In 6 hours of fishing managed one large softshell turtle . The gar were everywhere, couldn't use live shad, they wouldn't last 2 min before being mauled by the toothy pests. Tried filleting large shad and hooking them so they'd have a "live" bait action in current. Stoopid gar were ripping on them as well. Once I went to "cut" bait the gar left bait alone but nothing else happened, except the turtle.

Not sure what the deal is but I've had a very tough time of it on the river this year. With the exception of a little wiper action the cat fishing has been off for me. I know that night fishing is the better choice this time of year but still in that much time on the water usually something will bite. I'm hoping that later July and August will settle into a better pattern.


----------



## UFM82 (Apr 6, 2004)

But my trips so far have been successful. Nothing big (they never are) but I've managed cats every trip out. No turtles yet but that was my claim to fame when I first started on the river. Just ask Doc! LOL

I don't know what is up but below the dam should be good. Current, good rain this year and not a lot of stagnation to lower oxygen levels. Temps are good. Too bad it didn't shake out. It sucks spending the bucks to fish areas that don't produce. Someday I'll get to the dam to try it. Someday...

UFM82

Good to hear from you


----------



## hunterm (Apr 22, 2004)

Craig,

I gotta tell you that as I was typing up this post I was thinking about some of your posts from years past. I was afraid maybe the "curse" had somehow been passed along...kidding of course....lol.

Seriously though, I know the fish are there, I know I've got the right baits in the water and I'm in the places where catfish are.

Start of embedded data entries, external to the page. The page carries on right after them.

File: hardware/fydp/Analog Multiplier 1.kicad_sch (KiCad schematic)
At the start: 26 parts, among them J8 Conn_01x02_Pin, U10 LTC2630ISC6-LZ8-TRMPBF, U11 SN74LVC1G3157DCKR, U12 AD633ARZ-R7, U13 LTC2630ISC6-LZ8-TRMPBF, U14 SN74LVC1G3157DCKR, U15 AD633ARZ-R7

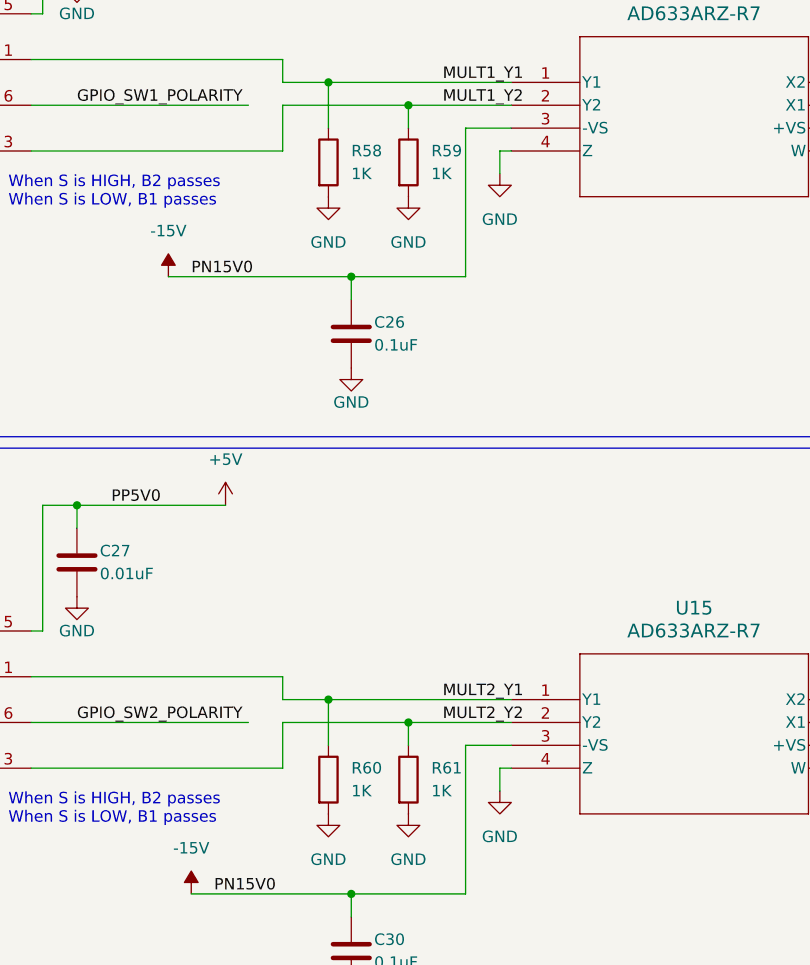
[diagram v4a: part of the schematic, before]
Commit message: Adding JLCPCB BOM notes
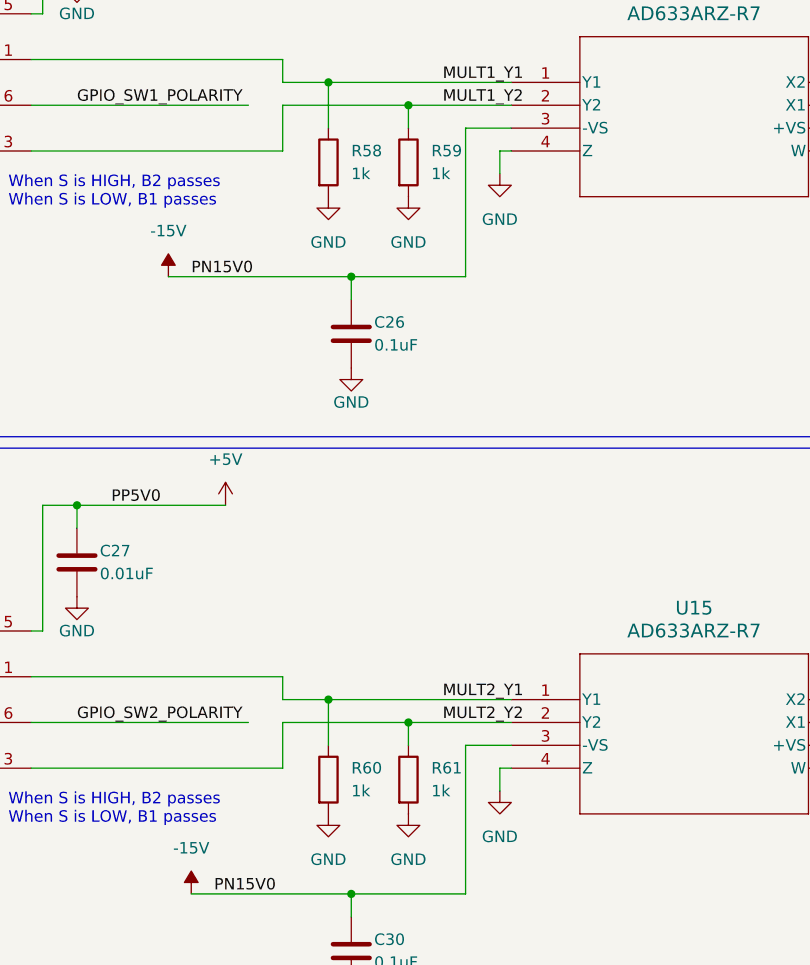
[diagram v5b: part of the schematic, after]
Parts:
- C23, C27: Comment (none) -> 10000 pF ±10% 50V Ceramic Capacitor X7R 0805 (2012 Metric); LCSC (none) -> C83170; MPN (none) -> CC0805KRX7R9BB103
- C24, C25, C26, C28, C29, C30: Comment (none) -> 0.1 µF ±10% 50V Ceramic Capacitor X7R 0805 (2012 Metric); LCSC (none) -> C49678; MPN (none) -> CC0805KRX7R9BB104
- R52: Comment (none) -> 100 Ohms ±1% 0.125W, 1/8W Chip Resistor 0805 (2012 Metric) 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; LCSC (none) -> C105577; MPN (none) -> RC0805FR-07100RL
- R58, R59, R60, R61: value 1K -> 1k; Comment (none) -> 1 kOhms ±1% 0.125W, 1/8W Chip Resistor 0805 (2012 Metric) M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; LCSC (none) -> C95781; MPN (none) -> RC0805FR-071KL

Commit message: Updating BOM some more
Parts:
- J8: Comment (none) -> Connector Header Through Hole 2 position 0.100" (2.54mm); MPN (none) -> TSW-102-07-G-S
- U10, U13: Comment (none) -> 8 Bit Digital to Analog Converter 1 SC-70-6; MPN (none) -> LTC2630ISC6-LZ8#TRMPBF
- U11, U14: Comment (none) -> 1 Circuit IC Switch 2:1 15Ohm SC-70-6; LCSC (none) -> C38663; MPN (none) -> SN74LVC1G3157DCKR
- U12, U15: Comment (none) -> Analog Multiplier 4-Quadrant 8-SOIC; LCSC (none) -> C77810; MPN (none) -> AD633ARZ-R7
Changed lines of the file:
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@@
       (effects (font (size 1.27 1.27)) hide)
     )
-    (property "Datasheet" "~" (at 27.94 184.15 0)
+    (property "Datasheet" "https://suddendocs.samtec.com/catalog_english/tsw_th.pdf" (at 27.94 184.15 0)
+      (effects (font (size 1.27 1.27)) hide)
+    )
+    (property "Comment" "Connector Header Through Hole 2 position 0.100\" (2.54mm)" (at 27.94 184.15 0)
+      (effects (font (size 1.27 1.27)) hide)
+    )
+    (property "MPN" "TSW-102-07-G-S" (at 27.94 184.15 0)
       (effects (font (size 1.27 1.27)) hide)
     )
@@
       (effects (font (size 1.27 1.27)) hide)
     )
-    (property "Datasheet" "~" (at 97.79 184.15 0)
+    (property "Datasheet" "https://suddendocs.samtec.com/catalog_english/tsw_th.pdf" (at 97.79 184.15 0)
+      (effects (font (size 1.27 1.27)) hide)
+    )
+    (property "Comment" "Connector Header Through Hole 2 position 0.100\" (2.54mm)" (at 97.79 184.15 0)
+      (effects (font (size 1.27 1.27)) hide)
+    )
+    (property "MPN" "TSW-102-07-G-S" (at 97.79 184.15 0)
       (effects (font (size 1.27 1.27)) hide)
     )
@@
       (effects (font (size 1.27 1.27) italic) hide)
     )
-    (property "Datasheet" "LTC2630ISC6-LZ8-TRMPBF" (at 35.56 48.26 0)
+    (property "Datasheet" "https://www.analog.com/media/en/technical-documentation/data-sheets/2630fg.pdf" (at 35.56 48.26 0)
       (effects (font (size 1.27 1.27) italic) hide)
+    )
+    (property "Comment" "8 Bit Digital to Analog Converter 1 SC-70-6" (at 35.56 48.26 0)
+      (effects (font (size 1.27 1.27)) hide)
+    )
+    (property "MPN" "LTC2630ISC6-LZ8#TRMPBF" (at 35.56 48.26 0)
+      (effects (font (size 1.27 1.27)) hide)
     )
     (pin "1")
@@
       (effects (font (size 1.27 1.27) italic) hide)
     )
-    (property "Datasheet" "AD633ARZ-R7" (at 198.12 124.46 0)
+    (property "Datasheet" "https://www.analog.com/media/en/technical-documentation/data-sheets/AD633.pdf" (at 198.12 124.46 0)
       (effects (font (size 1.27 1.27) italic) hide)
+    )
+    (property "Comment" "Analog Multiplier 4-Quadrant 8-SOIC" (at 198.12 124.46 0)
+      (effects (font (size 1.27 1.27)) hide)
+    )
+    (property "LCSC" "C77810" (at 198.12 124.46 0)
+      (effects (font (size 1.27 1.27)) hide)
+    )
+    (property "MPN" "AD633ARZ-R7" (at 198.12 124.46 0)
+      (effects (font (size 1.27 1.27)) hide)
     )
     (pin "1")
@@
       (effects (font (size 1.27 1.27) italic) hide)
     )
-    (property "Datasheet" "LTC2630ISC6-LZ8-TRMPBF" (at 35.56 116.84 0)
+    (property "Datasheet" "https://www.analog.com/media/en/technical-documentation/data-sheets/2630fg.pdf" (at 35.56 116.84 0)
       (effects (font (size 1.27 1.27) italic) hide)
+    )
+    (property "Comment" "8 Bit Digital to Analog Converter 1 SC-70-6" (at 35.56 116.84 0)
+      (effects (font (size 1.27 1.27)) hide)
+    )
+    (property "MPN" "LTC2630ISC6-LZ8#TRMPBF" (at 35.56 116.84 0)
+      (effects (font (size 1.27 1.27)) hide)
     )
     (pin "1")
@@
       (effects (font (size 1.27 1.27) italic) hide)
     )
-    (property "Datasheet" "SN74LVC1G3157DCKR" (at 121.92 124.46 0)
+    (property "Datasheet" "https://www.ti.com/general/docs/suppproductinfo.tsp?distId=10&gotoUrl=https%3A%2F%2Fwww.ti.com%2Flit%2Fgpn%2Fsn74lvc1g3157" (at 121.92 124.46 0)
       (effects (font (size 1.27 1.27) italic) hide)
+    )
+    (property "Comment" "1 Circuit IC Switch 2:1 15Ohm SC-70-6" (at 121.92 124.46 0)
+      (effects (font (size 1.27 1.27)) hide)
+    )
+    (property "LCSC" "C38663" (at 121.92 124.46 0)
+      (effects (font (size 1.27 1.27)) hide)
+    )
+    (property "MPN" "SN74LVC1G3157DCKR" (at 121.92 124.46 0)
+      (effects (font (size 1.27 1.27)) hide)
     )
     (pin "1")
@@
       (effects (font (size 1.27 1.27) italic) hide)
     )
-    (property "Datasheet" "SN74LVC1G3157DCKR" (at 121.92 55.88 0)
+    (property "Datasheet" "https://www.ti.com/general/docs/suppproductinfo.tsp?distId=10&gotoUrl=https%3A%2F%2Fwww.ti.com%2Flit%2Fgpn%2Fsn74lvc1g3157" (at 121.92 55.88 0)
       (effects (font (size 1.27 1.27) italic) hide)
+    )
+    (property "Comment" "1 Circuit IC Switch 2:1 15Ohm SC-70-6" (at 121.92 55.88 0)
+      (effects (font (size 1.27 1.27)) hide)
+    )
+    (property "LCSC" "C38663" (at 121.92 55.88 0)
+      (effects (font (size 1.27 1.27)) hide)
+    )
+    (property "MPN" "SN74LVC1G3157DCKR" (at 121.92 55.88 0)
+      (effects (font (size 1.27 1.27)) hide)
     )
     (pin "1")
@@
       (effects (font (size 1.27 1.27) italic) hide)
     )
-    (property "Datasheet" "AD633ARZ-R7" (at 198.12 55.88 0)
+    (property "Datasheet" "https://www.analog.com/media/en/technical-documentation/data-sheets/AD633.pdf" (at 198.12 55.88 0)
       (effects (font (size 1.27 1.27) italic) hide)
     )
-    (pin "1")
+    (property "Comment" "Analog Multiplier 4-Quadrant 8-SOIC" (at 198.12 55.88 0)
+      (effects (font (size 1.27 1.27)) hide)
+    )
+    (property "LCSC" "C77810" (at 198.12 55.88 0)
+      (effects (font (size 1.27 1.27)) hide)
+    )
+    (property "MPN" "AD633ARZ-R7" (at 198.12 55.88 0)
+      (effects (font (size 1.27 1.27)) hide)
+    )
+    (pin "1")

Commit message: Pushing laptop changes
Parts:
- U10, U13: value LTC2630ISC6-LZ8-TRMPBF -> LTC2630ISC6-HZ12#TRMPBF; Comment 8 Bit Digital to Analog Converter 1 SC-70-6 -> 12 Bit Digital to Analog Converter 1 SC-70-6; MPN LTC2630ISC6-LZ8#TRMPBF -> LTC2630ISC6-HZ12#TRMPBF
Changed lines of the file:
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@@
       (effects (font (size 1.524 1.524)))
     )
-    (property "Value" "LTC2630ISC6-LZ8-TRMPBF" (at 58.42 40.64 0)
+    (property "Value" "LTC2630ISC6-HZ12#TRMPBF" (at 58.42 40.64 0)
       (effects (font (size 1.524 1.524)))
     )
@@
       (effects (font (size 1.27 1.27) italic) hide)
     )
-    (property "Comment" "8 Bit Digital to Analog Converter 1 SC-70-6" (at 35.56 48.26 0)
+    (property "Comment" "12 Bit Digital to Analog Converter 1 SC-70-6" (at 35.56 48.26 0)
       (effects (font (size 1.27 1.27)) hide)
     )
-    (property "MPN" "LTC2630ISC6-LZ8#TRMPBF" (at 35.56 48.26 0)
+    (property "MPN" "LTC2630ISC6-HZ12#TRMPBF" (at 35.56 48.26 0)
       (effects (font (size 1.27 1.27)) hide)
     )
@@
       (effects (font (size 1.524 1.524)))
     )
-    (property "Value" "LTC2630ISC6-LZ8-TRMPBF" (at 58.42 109.22 0)
+    (property "Value" "LTC2630ISC6-HZ12#TRMPBF" (at 58.42 109.22 0)
       (effects (font (size 1.524 1.524)))
     )
@@
       (effects (font (size 1.27 1.27) italic) hide)
     )
-    (property "Comment" "8 Bit Digital to Analog Converter 1 SC-70-6" (at 35.56 116.84 0)
+    (property "Comment" "12 Bit Digital to Analog Converter 1 SC-70-6" (at 35.56 116.84 0)
       (effects (font (size 1.27 1.27)) hide)
     )
-    (property "MPN" "LTC2630ISC6-LZ8#TRMPBF" (at 35.56 116.84 0)
+    (property "MPN" "LTC2630ISC6-HZ12#TRMPBF" (at 35.56 116.84 0)
       (effects (font (size 1.27 1.27)) hide)
     )

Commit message: Fixed footprints
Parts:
- J8: value Conn_01x02_Pin -> TSW-102-07-G-S
- U11, U14: footprint Package_TO_SOT_SMD:SOT-23-6_Handsoldering -> Package_TO_SOT_SMD:SOT-363_SC-70-6_Handsoldering
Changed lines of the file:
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@@
       (effects (font (size 1.27 1.27)))
     )
-    (property "Value" "Conn_01x02_Pin" (at 28.575 181.61 0)
+    (property "Value" "TSW-102-07-G-S" (at 28.575 181.61 0)
       (effects (font (size 1.27 1.27)))
     )
@@
       (effects (font (size 1.27 1.27)))
     )
-    (property "Value" "Conn_01x02_Pin" (at 98.425 181.61 0)
+    (property "Value" "TSW-102-07-G-S" (at 98.425 181.61 0)
       (effects (font (size 1.27 1.27)))
     )
@@
       (effects (font (size 1.524 1.524)))
     )
-    (property "Footprint" "Package_TO_SOT_SMD:SOT-23-6_Handsoldering" (at 121.92 124.46 0)
+    (property "Footprint" "Package_TO_SOT_SMD:SOT-363_SC-70-6_Handsoldering" (at 121.92 124.46 0)
       (effects (font (size 1.27 1.27) italic) hide)
     )
@@
       (effects (font (size 1.524 1.524)))
     )
-    (property "Footprint" "Package_TO_SOT_SMD:SOT-23-6_Handsoldering" (at 121.92 55.88 0)
+    (property "Footprint" "Package_TO_SOT_SMD:SOT-363_SC-70-6_Handsoldering" (at 121.92 55.88 0)
       (effects (font (size 1.27 1.27) italic) hide)
     )

Sometimes I guess we just have to be content with good "Fishing" and not neccessarily "catching"...nothing like a little humility.


----------



## FishinFreak26 (Jul 26, 2007)

montagc said:


> This guy is having some luck:
> 
> http://www.local12.com/news/local/story.aspx?content_id=2753ee4e-c000-413a-9ab5-e584cf587f6e
> 
> I wonder, when the water has some reciprocity as far as licensing, does the record fall in the state of licensing or the state to which the water belongs?


Lol, that thing looks too fat to swim!


----------



## Abu65 (Apr 17, 2004)

Fished the same water 07-02-08 7:00 PM until 1:00 AM. Only caught 1 blue about 6 lbs. Launche at Foster on KY side fished from there up. No gar trouble but no catfish trouble either?????????


----------



## UFM82 (Apr 6, 2004)

I'm still firmly in control of "the curse". If I could catch a fish over 10 lbs my head would explode. LOL

UFM82


----------



## LittleMiamiJeff (Oct 1, 2005)

Just a strange spring/summer so far in my opinion.
I was in the "my last cast" mode Saturday morning, I hadn't caught a thing, my last cast, using a home poured 3oz spoon white w/4/0 bait holder hook w/chartruese twister tail, what do you know, a 32" Blue. I guesstimate 12-15 lbs.
Not as many wipers as last year, but river has been high most of the spring/early summer, so I forecast great fishing for the rest of the summer! 
LMJ


----------